In American history, ideas of race and slavery were supported by many Christians from particular readings of the Bible.[7] The Southern Baptist Convention supported slavery and slaveholders; it was not until June 20, 1995, that the formal Declaration of Repentance was adopted. This non-binding resolution declared that racism, in all its forms, is deplorable" and "lamented on a national scale and is also repudiated in history as an act of evil from which a continued bitter harvest unfortunately is reaped." The convention offered an apology for "condoning and/or perpetuating individual and systemic racism in our lifetime" and repentance for "racism of which many have been guilty, whether consciously or unconsciously.[8] These historic events are used to associate Christianity with racism but the Bible stresses that race is irrelevant: "There is neither Jew nor Greek, there is neither slave nor free, there is no male and female, for you are all one in Christ Jesus" (Galatians 3:28). Cone relates that, once upon a time it was acceptable to lynch a black man by hanging him from the tree; but today's economics destroy him by crowding many into a ghetto and letting filth and despair (created by themselves) put final touch on a coveted death.

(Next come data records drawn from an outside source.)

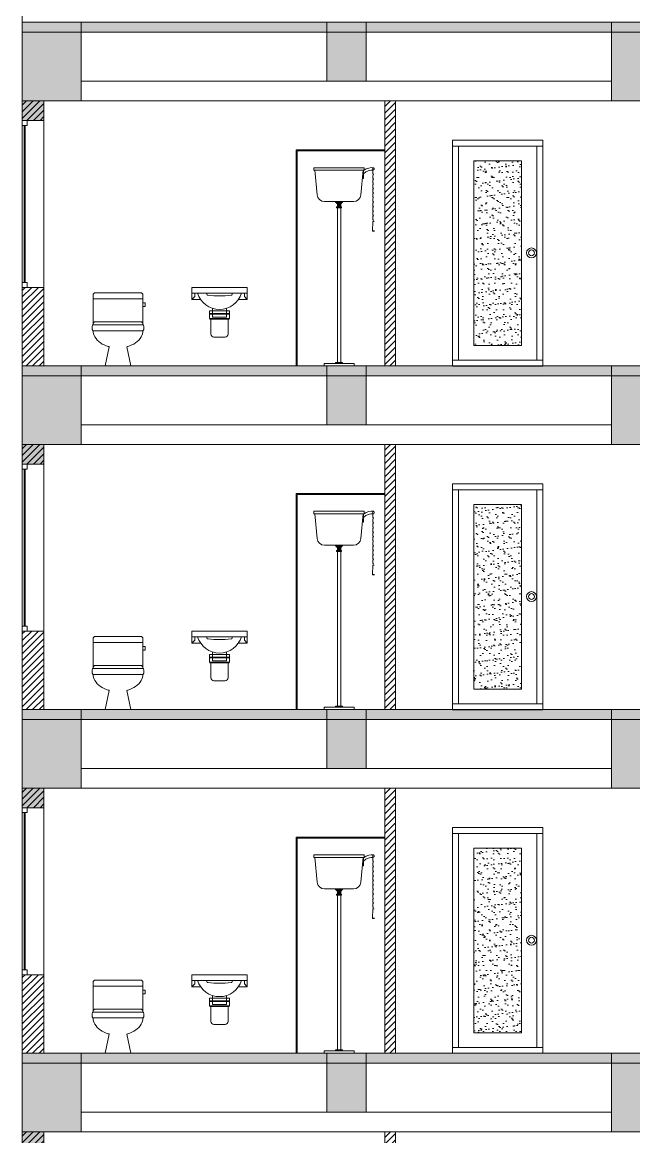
# Model space of a CAD drawing. Header units: millimetres. Extents: x -51 to 151, y -74 to 104.
# Drawn here: x 69.27 to 75.49, y -37.7 to -26.35 of the extents above; entities that cross this region are included whole.
import ezdxf

# ---------------------------------------------------------------- set-up
doc = ezdxf.new("R2010")
doc.units = ezdxf.units.MM
doc.header["$LTSCALE"] = 15
doc.layers.add('Akira01', color=7, linetype='Continuous')
doc.layers.add('Akira02', color=8, linetype='Continuous')

# ---------------------------------------------------------------- blocks, each defined once
blk = doc.blocks.new('Indoor')
at = {"lineweight": 5}
h = blk.add_hatch(dxfattribs=at)
h.set_pattern_fill('AR-SAND', color=153, scale=53.726984, style=0)
h.set_pattern_definition([(37.5, (631289.6, 71959.21), (-3.38444, 103.52243), [0, -81.66502, 0, -91.33587, 0, -87.30635]), (7.5, (631289.6, 71959.21), (95.08476, 151.6254), [0, -44.05613, 0, -73.60597, 0, -28.20667]), (327.5, (631223.515, 71959.21), (167.31345, 0.30404), [0, -26.86349, 0, -96.70857, 0, -126.25841]), (317.5, (631223.52, 71959.21), (161.51012, 47.15486), [0, -13.43175, 0, -63.39784, 0, -72.53143])])
h.paths.add_polyline_path([(662275, 13944), (662758, 13944), (662758, 15824), (662275, 15824)])
at = {"color": 7, "lineweight": 5}
for p, q in [((662976, 16034), (662056, 16034)), ((662056, 16034), (662056, 13734)), ((662976, 13734), (662976, 16034)), ((662976, 15974), (662056, 15974)), ((662116, 15974), (662116, 13794)), ((662916, 13794), (662916, 15974)), ((662275, 15824), (662275, 13944)), ((662758, 15824), (662275, 15824)), ((662758, 13944), (662758, 15824)), ((662275, 13944), (662758, 13944)), ((662056, 13794), (662976, 13794)), ((662056, 13734), (662976, 13734))]:
    blk.add_line(p, q, dxfattribs=at)
at = {"linetype": 'Continuous', "lineweight": 5}
blk.add_lwpolyline([(662758, 13944), (662275, 13944)], dxfattribs=at)
at = {"color": 7, "lineweight": 5}
for radius in [50, 30]:
    blk.add_circle((662861, 14886), radius, dxfattribs=at)
blk = doc.blocks.new('asdaw')
at = {"layer": 'Akira01', "lineweight": 9}
for p, q in [((712292, -38320), (712802, -38320)), ((712292, -38320), (712292, -38345)), ((712292, -38345), (712802, -38345)), ((712302, -38345), (712326, -38597)), ((712792, -38345), (712769, -38597)), ((712798, -38345), (712798, -38429)), ((712802, -38320), (712802, -38345)), ((712798, -38429), (712784, -38429)), ((712400, -38665), (712694, -38665)), ((712510, -38665), (712510, -38675)), ((712510, -38675), (712584, -38675)), ((712520, -38675), (712520, -38685)), ((712520, -38685), (712574, -38685)), ((712530, -38685), (712530, -38719)), ((712530, -38690), (712564, -38690)), ((712530, -38695), (712564, -38695)), ((712530, -38700), (712564, -38700)), ((712564, -38685), (712564, -38719)), ((712574, -38675), (712574, -38685)), ((712584, -38665), (712584, -38675)), ((712520, -38719), (712574, -38719)), ((712520, -38729), (712520, -38719)), ((712520, -38729), (712574, -38729)), ((712524, -38729), (712524, -38719)), ((712529, -38729), (712529, -38719)), ((712530, -38705), (712564, -38705)), ((712530, -38710), (712564, -38710)), ((712530, -38715), (712564, -38715)), ((712530, -38729), (712530, -40305)), ((712534, -38729), (712534, -38719)), ((712539, -38729), (712539, -38719)), ((712544, -38729), (712544, -38719)), ((712549, -38729), (712549, -38719)), ((712554, -38729), (712554, -38719)), ((712559, -38729), (712559, -38719)), ((712564, -38729), (712564, -38719)), ((712564, -38729), (712564, -40305)), ((712569, -38729), (712569, -38719)), ((712574, -38729), (712574, -38719)), ((712893, -38868), (712889, -38962)), ((712893, -38868), (712905, -38868)), ((712889, -38962), (712909, -38962)), ((712889, -38968), (712909, -38968)), ((712395, -40315), (712700, -40315)), ((712395, -40339), (712700, -40339)), ((712510, -40305), (712584, -40305)), ((712510, -40305), (712510, -40315)), ((712584, -40305), (712584, -40315))]:
    blk.add_line(p, q, dxfattribs=at)
blk.add_circle((712898, -38332), 8.69, dxfattribs=at)
for centre, radius, start, end in [((712885, -38465), 121, 83.3351, 136.2581), ((712885, -38465), 146, 83.3351, 124.631), ((712935, -38360), 43.9, 162.2161, 172.432), ((712971, -38364), 79.9, 172.432, 180), ((712913, -38352), 20.5, 142.2469, 162.2161), ((712971, -38364), 79.9, 180, 187.568), ((712935, -38369), 43.9, 187.568, 197.7839), ((712935, -38408), 43.9, 162.2161, 172.432), ((712971, -38413), 79.9, 172.432, 180), ((712971, -38413), 79.9, 180, 187.568), ((712935, -38418), 43.9, 187.568, 197.7839), ((712935, -38457), 43.9, 162.2161, 172.432), ((712971, -38462), 79.9, 172.432, 180), ((712971, -38462), 79.9, 180, 187.568), ((712935, -38466), 43.9, 187.568, 197.7839), ((712913, -38376), 20.5, 197.7839, 217.7531), ((712913, -38401), 20.5, 142.2469, 162.2161), ((712913, -38425), 20.5, 197.7839, 217.7531), ((712913, -38450), 20.5, 142.2469, 162.2161), ((712935, -38506), 43.9, 162.2161, 172.432), ((712971, -38511), 79.9, 172.432, 180), ((712971, -38511), 79.9, 180, 187.568), ((712935, -38515), 43.9, 187.568, 197.7839), ((712935, -38551), 43.9, 162.2161, 172.432), ((712971, -38556), 79.9, 172.432, 180), ((712971, -38556), 79.9, 180, 187.568), ((712935, -38560), 43.9, 187.568, 197.7839), ((712935, -38597), 43.9, 162.2161, 172.432), ((712913, -38474), 20.5, 197.7839, 217.7531), ((712913, -38499), 20.5, 142.2469, 162.2161), ((712913, -38523), 20.5, 197.7839, 217.7531), ((712913, -38544), 20.5, 142.2469, 162.2161), ((712913, -38568), 20.5, 197.7839, 217.7531), ((712913, -38590), 20.5, 142.2469, 162.2161), ((712400, -38590), 75, 185.3558, 270), ((712694, -38590), 75, 270, 354.6442), ((712971, -38602), 79.9, 172.432, 180), ((712971, -38602), 79.9, 180, 187.568), ((712935, -38606), 43.9, 187.568, 197.7839), ((712935, -38642), 43.9, 162.2161, 172.432), ((712971, -38647), 79.9, 172.432, 180), ((712971, -38647), 79.9, 180, 187.568), ((712935, -38651), 43.9, 187.568, 197.7839), ((712935, -38690), 43.9, 162.2161, 172.432), ((712971, -38695), 79.9, 172.432, 180), ((712971, -38695), 79.9, 180, 187.568), ((712913, -38614), 20.5, 197.7839, 217.7531), ((712913, -38635), 20.5, 142.2469, 162.2161), ((712913, -38659), 20.5, 197.7839, 217.7531), ((712913, -38683), 20.5, 142.2469, 162.2161), ((712935, -38699), 43.9, 187.568, 197.7839), ((712935, -38736), 43.9, 162.2161, 172.432), ((712971, -38741), 79.9, 172.432, 180), ((712971, -38741), 79.9, 180, 187.568), ((712935, -38745), 43.9, 187.568, 197.7839), ((712935, -38781), 43.9, 162.2161, 172.432), ((712971, -38786), 79.9, 172.432, 180), ((712971, -38786), 79.9, 180, 187.568), ((712935, -38790), 43.9, 187.568, 197.7839), ((712935, -38828), 43.9, 162.2161, 172.432), ((712913, -38707), 20.5, 197.7839, 217.7531), ((712913, -38729), 20.5, 142.2469, 162.2161), ((712913, -38753), 20.5, 197.7839, 217.7531), ((712913, -38774), 20.5, 142.2469, 162.2161), ((712913, -38798), 20.5, 197.7839, 217.7531), ((712913, -38821), 20.5, 142.2469, 162.2161), ((712971, -38833), 79.9, 172.432, 180), ((712971, -38833), 79.9, 180, 187.568), ((712935, -38837), 43.9, 187.568, 197.7839), ((712913, -38845), 20.5, 197.7839, 217.7531), ((712899, -38888), 20.6, 73.1068, 106.8932), ((712899, -38965), 10.2, 161.1788, 198.8212), ((712740, -40324), 345, 178.428, 182.5029), ((712355, -40324), 345, 357.4971, 1.572)]:
    blk.add_arc(centre, radius, start, end, dxfattribs=at)
blk = doc.blocks.new('qweqer')
at = {"layer": 'Akira01', "lineweight": 9}
for p, q in [((749784.4, 228148.5), (749784.4, 228398.5)), ((750184.4, 228418.5), (749804.4, 228418.5)), ((750204.4, 228148.5), (750204.4, 228398.5)), ((749784.4, 228148.5), (749784.4, 228153.5)), ((750184.4, 228173.5), (749804.4, 228173.5)), ((750204.4, 228148.5), (750204.4, 228153.5)), ((749920, 227962.4), (749886.1, 227800.5)), ((750068.9, 227962.4), (750102.8, 227800.5)), ((749886.1, 227800.5), (750102.8, 227800.5))]:
    blk.add_line(p, q, dxfattribs=at)
for points in [[(749784.4, 228148.5, 0.218761), (749781.7, 228147.2, 0.09219), (749778.2, 228141.2, 0.048885), (749776.3, 228133.7, 0.036571), (749775.6, 228123.5, 0.036571), (749776.3, 228113.3, 0.048885), (749778.2, 228105.8, 0.09219), (749781.7, 228099.8, 0.218761), (749784.4, 228098.5, 0.218761)], [(750204.4, 228148.5, -0.218761), (750207.2, 228147.2, -0.09219), (750210.7, 228141.2, -0.048885), (750212.6, 228133.7, -0.036571), (750213.3, 228123.5, -0.036571), (750212.6, 228113.3, -0.048885), (750210.7, 228105.8, -0.09219), (750207.2, 228099.8, -0.218761), (750204.4, 228098.5, -0.218761)], [(749784.4, 228098.5, 0.135602), (749799, 228045.9, 0.106923), (749845.9, 227995.7, 0.081757), (749911.1, 227964.8, 0.00758), (749920, 227962.4, 0.06994)], [(750068.9, 227962.4, 0.00758), (750077.8, 227964.8, 0.081757), (750142.9, 227995.7, 0.106923), (750189.9, 228045.9, 0.135602), (750204.4, 228098.5, 0.135602)]]:
    blk.add_lwpolyline(points, format="xyb", dxfattribs=at)
for centre, start, end in [((749804.4, 228398.5), 90, 180), ((750184.4, 228398.5), 0, 90), ((749804.4, 228153.5), 90, 180), ((750184.4, 228153.5), 0, 90)]:
    blk.add_arc(centre, 20, start, end, dxfattribs=at)
at = {"layer": 'Akira02', "lineweight": 9}
for p, q in [((750204.4, 228368.5), (749784.4, 228368.5)), ((750204.4, 228333.7), (750224.4, 228333.7)), ((750224.4, 228303.7), (750204.4, 228303.7)), ((750224.4, 228333.7), (750224.4, 228303.7)), ((750204.4, 228148.5), (749784.4, 228148.5)), ((750204.4, 228098.5), (749784.4, 228098.5))]:
    blk.add_line(p, q, dxfattribs=at)
blk = doc.blocks.new('adawwqwe')
at = {"layer": 'Akira01', "lineweight": 9}
for p, q in [((746781.7, 237250.5), (747171.7, 237250.5)), ((746781.7, 237250.5), (746781.7, 237165.5)), ((746781.7, 237250.5), (746781.7, 237165.5)), ((746781.7, 237250.5), (747171.7, 237250.5)), ((746781.7, 237210.5), (747171.7, 237210.5)), ((746781.7, 237210.5), (747171.7, 237210.5)), ((747171.7, 237250.5), (747171.7, 237165.5)), ((747171.7, 237250.5), (747171.7, 237165.5)), ((746843.4, 237165.5), (746781.7, 237165.5)), ((746843.4, 237165.5), (746781.7, 237165.5)), ((747110, 237165.5), (747171.7, 237165.5)), ((747110, 237165.5), (747171.7, 237165.5)), ((747171.7, 237165.5), (747151.7, 237185.5)), ((747046.7, 237085.5), (746906.7, 237085.5)), ((746906.7, 237085.5), (746906.7, 237030.5)), ((746906.7, 237085.5), (746906.7, 237030.5)), ((746926.7, 237103.4), (746926.7, 237085.5)), ((746926.7, 237103.4), (746926.7, 237085.5)), ((746926.7, 237085.5), (746926.7, 237040.5)), ((747026.7, 237103.4), (747026.7, 237085.5)), ((747026.7, 237103.4), (747026.7, 237085.5)), ((747026.7, 237085.5), (747026.7, 237040.5)), ((747046.7, 237085.5), (747046.7, 237030.5)), ((747046.7, 237085.5), (747046.7, 237030.5)), ((746916.7, 237025.5), (746916.7, 236920.5)), ((746916.7, 237025.5), (746916.7, 236920.5)), ((747026.7, 237040.5), (746926.7, 237040.5)), ((747036.7, 237025.5), (747036.7, 236920.5)), ((747036.7, 237025.5), (747036.7, 236920.5)), ((747016.7, 236900.5), (746936.7, 236900.5)), ((747016.7, 236900.5), (746936.7, 236900.5))]:
    blk.add_line(p, q, dxfattribs=at)
for centre, radius, start, end in [((746976.7, 237257.5), 162, 196.85277, 343.14723), ((746976.7, 237257.5), 162, 196.85277, 343.14723), ((746911.7, 237030.5), 5, 180, 270), ((746911.7, 237030.5), 5, 180, 270), ((747041.7, 237030.5), 5, 270, 0), ((747041.7, 237030.5), 5, 270, 0), ((746936.7, 236920.5), 20, 180, 270), ((746936.7, 236920.5), 20, 180, 270), ((747016.7, 236920.5), 20, 270, 0), ((747016.7, 236920.5), 20, 270, 0)]:
    blk.add_arc(centre, radius, start, end, dxfattribs=at)
at = {"layer": 'Akira02', "lineweight": 9}
for p, q in [((746801.7, 237210.5), (746801.7, 237185.5)), ((747151.7, 237210.5), (747151.7, 237185.5)), ((746781.7, 237165.5), (746801.7, 237185.5)), ((747046.7, 237085.5), (746906.7, 237085.5)), ((747046.7, 237065.5), (746906.7, 237065.5)), ((747046.7, 237060.5), (746906.7, 237060.5)), ((747046.7, 237030.5), (746906.7, 237030.5)), ((747041.7, 237025.5), (746911.7, 237025.5)), ((747041.7, 237025.5), (746911.7, 237025.5))]:
    blk.add_line(p, q, dxfattribs=at)
for centre, radius, start, end in [((746896.7, 237204.5), 10, 143.11216, 264.27878), ((747056.7, 237204.5), 10, 275.72124, 36.88784), ((746976.7, 238003), 812.5, 264.27877, 275.72123)]:
    blk.add_arc(centre, radius, start, end, dxfattribs=at)

msp = doc.modelspace()

# ---------------------------------------------------------------- hatches: boundary and pattern name
at = {"linetype": 'Continuous', "lineweight": 13}
h = msp.add_hatch(color=256, dxfattribs=at)
h.dxf.hatch_style = 1
h.paths.add_polyline_path([(69.266, -27.147), (69.866, -27.147), (69.866, -26.347), (69.266, -26.347)])
h = msp.add_hatch(color=256, dxfattribs=at)
h.dxf.hatch_style = 1
h.paths.add_polyline_path([(69.266, -26.347), (69.266, -26.447), (100.866, -26.447), (100.866, -26.547), (100.866, -26.347)])
h = msp.add_hatch(color=256, dxfattribs=at)
h.dxf.hatch_style = 1
h.paths.add_polyline_path([(72.366, -26.947), (72.766, -26.947), (72.766, -26.347), (72.366, -26.347)])
h = msp.add_hatch(color=256, dxfattribs=at)
h.dxf.hatch_style = 1
h.paths.add_polyline_path([(75.266, -27.147), (75.866, -27.147), (75.866, -26.347), (75.266, -26.347)])
at = {"linetype": 'Continuous', "lineweight": 13, "true_color": 0xb64b2b}
h = msp.add_hatch(dxfattribs=at)
h.set_pattern_fill('ANSI31', color=15, scale=0.015)
h.set_pattern_definition([(45, (-640.055973, -28.30791), (-0.0336759605, 0.0336759605), [])])
h.paths.add_polyline_path([(69.486, -29.047), (69.266, -29.047), (69.266, -29.847), (69.486, -29.847)])
h.paths.add_polyline_path([(69.486, -27.147), (69.266, -27.147), (69.266, -27.347), (69.316, -27.347), (69.486, -27.347)])
h.paths.add_polyline_path([(73.066, -27.147), (72.956, -27.147), (72.956, -29.847), (73.066, -29.847)])
h.paths.add_polyline_path([(80.736, -27.147), (80.626, -27.147), (80.626, -27.447), (80.736, -27.447)])
h.paths.add_polyline_path([(89.506, -27.147), (89.396, -27.147), (89.396, -27.447), (89.506, -27.447)])
h.paths.add_polyline_path([(97.176, -27.147), (97.066, -27.147), (97.066, -29.847), (97.176, -29.847)])
h.paths.add_polyline_path([(100.866, -29.047), (100.816, -29.047), (100.646, -29.047), (100.646, -29.847), (100.866, -29.847)])
h.paths.add_polyline_path([(100.866, -27.147), (100.646, -27.147), (100.646, -27.347), (100.866, -27.347)])
at = {"linetype": 'Continuous', "lineweight": 13}
h = msp.add_hatch(color=256, dxfattribs=at)
h.dxf.hatch_style = 1
h.paths.add_polyline_path([(69.266, -27.147), (69.486, -27.147), (69.486, -27.347), (69.266, -27.347)])
h = msp.add_hatch(color=143, dxfattribs=at)
h.dxf.hatch_style = 1
h.paths.add_polyline_path([(69.286, -28.997), (69.286, -27.397), (69.296, -27.397), (69.296, -28.997)])
h = msp.add_hatch(color=256, dxfattribs=at)
h.dxf.hatch_style = 1
h.paths.add_polyline_path([(69.266, -30.647), (69.866, -30.647), (69.866, -29.847), (69.266, -29.847)])
h = msp.add_hatch(color=256, dxfattribs=at)
h.dxf.hatch_style = 1
h.paths.add_polyline_path([(69.266, -29.847), (69.266, -29.947), (100.866, -29.947), (100.866, -30.047), (100.866, -29.847)])
h = msp.add_hatch(color=256, dxfattribs=at)
h.dxf.hatch_style = 1
h.paths.add_polyline_path([(72.366, -30.447), (72.766, -30.447), (72.766, -29.847), (72.366, -29.847)])
h = msp.add_hatch(color=256, dxfattribs=at)
h.dxf.hatch_style = 1
h.paths.add_polyline_path([(75.266, -30.647), (75.866, -30.647), (75.866, -29.847), (75.266, -29.847)])
at = {"linetype": 'Continuous', "lineweight": 13, "true_color": 0xb64b2b}
h = msp.add_hatch(dxfattribs=at)
h.set_pattern_fill('ANSI31', color=15, scale=0.015)
h.set_pattern_definition([(45, (-640.055973, -31.80791), (-0.0336759605, 0.0336759605), [])])
h.paths.add_polyline_path([(69.486, -32.547), (69.266, -32.547), (69.266, -33.347), (69.486, -33.347)])
h.paths.add_polyline_path([(69.486, -30.647), (69.266, -30.647), (69.266, -30.847), (69.316, -30.847), (69.486, -30.847)])
h.paths.add_polyline_path([(73.066, -30.647), (72.956, -30.647), (72.956, -33.347), (73.066, -33.347)])
h.paths.add_polyline_path([(80.736, -30.647), (80.626, -30.647), (80.626, -30.947), (80.736, -30.947)])
h.paths.add_polyline_path([(89.506, -30.647), (89.396, -30.647), (89.396, -30.947), (89.506, -30.947)])
h.paths.add_polyline_path([(97.176, -30.647), (97.066, -30.647), (97.066, -33.347), (97.176, -33.347)])
h.paths.add_polyline_path([(100.866, -32.547), (100.816, -32.547), (100.646, -32.547), (100.646, -33.347), (100.866, -33.347)])
h.paths.add_polyline_path([(100.866, -30.647), (100.646, -30.647), (100.646, -30.847), (100.866, -30.847)])
at = {"linetype": 'Continuous', "lineweight": 13}
h = msp.add_hatch(color=256, dxfattribs=at)
h.dxf.hatch_style = 1
h.paths.add_polyline_path([(69.266, -30.647), (69.486, -30.647), (69.486, -30.847), (69.266, -30.847)])
h = msp.add_hatch(color=143, dxfattribs=at)
h.dxf.hatch_style = 1
h.paths.add_polyline_path([(69.286, -32.497), (69.286, -30.897), (69.296, -30.897), (69.296, -32.497)])
h = msp.add_hatch(color=256, dxfattribs=at)
h.dxf.hatch_style = 1
h.paths.add_polyline_path([(69.266, -34.147), (69.866, -34.147), (69.866, -33.347), (69.266, -33.347)])
h = msp.add_hatch(color=256, dxfattribs=at)
h.dxf.hatch_style = 1
h.paths.add_polyline_path([(69.268, -33.347), (69.268, -33.447), (100.868, -33.447), (100.868, -33.547), (100.868, -33.347)])
h = msp.add_hatch(color=256, dxfattribs=at)
h.dxf.hatch_style = 1
h.paths.add_polyline_path([(72.366, -33.947), (72.766, -33.947), (72.766, -33.347), (72.366, -33.347)])
h = msp.add_hatch(color=256, dxfattribs=at)
h.dxf.hatch_style = 1
h.paths.add_polyline_path([(75.266, -34.147), (75.866, -34.147), (75.866, -33.347), (75.266, -33.347)])
at = {"linetype": 'Continuous', "lineweight": 13, "true_color": 0xb64b2b}
h = msp.add_hatch(dxfattribs=at)
h.set_pattern_fill('ANSI31', color=15, scale=0.015)
h.set_pattern_definition([(45, (-640.055973, -35.30791), (-0.0336759605, 0.0336759605), [])])
h.paths.add_polyline_path([(69.486, -36.047), (69.266, -36.047), (69.266, -36.847), (69.486, -36.847)])
h.paths.add_polyline_path([(69.486, -34.147), (69.266, -34.147), (69.266, -34.347), (69.316, -34.347), (69.486, -34.347)])
h.paths.add_polyline_path([(73.066, -34.147), (72.956, -34.147), (72.956, -36.847), (73.066, -36.847)])
h.paths.add_polyline_path([(80.736, -34.147), (80.626, -34.147), (80.626, -34.447), (80.736, -34.447)])
h.paths.add_polyline_path([(89.506, -34.147), (89.396, -34.147), (89.396, -34.447), (89.506, -34.447)])
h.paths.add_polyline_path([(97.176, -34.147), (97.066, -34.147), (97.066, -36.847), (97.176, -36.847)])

Black theology deals primarily with the African-American community to make Christianity real for black people. It explains Christianity as a matter of liberation here and now, rather than in an afterlife. The goal of black theology is not for special treatment. Instead, "All Black theologians are asking for is for freedom and justice. No more, and no less. In asking for this, the black theologians, turn to scripture as the sanction for their demand. The Psalmist writes for instance, "If God is going to see righteousness established in the land, he himself must be particularly active as "the helper of the fatherless" (Psalm 10:14) to "deliver the needy when he crieth; and the poor that hath no helper" (Psalm 72:12).[7]

Black theology would eventually develop outside of the United States to the United Kingdom and parts of Africa, especially addressing apartheid in South Africa.[9]

United States Edit

James H. Cone first addressed this theology after Malcolm X's proclamation in the 1950s against Christianity being taught as "a white man's religion".[10] According to black religion expert Jonathan L. Walton:

James Cone believed that the New Testament revealed Jesus as one who identified with those suffering under oppression, the socially marginalized and the cultural outcasts. And since the socially constructed categories of race in America (i.e., whiteness and blackness) had come to culturally signify dominance (whiteness) and oppression (blackness), from a theological perspective, Cone argued that Jesus reveals himself as black in order to disrupt and dismantle white oppression.[11]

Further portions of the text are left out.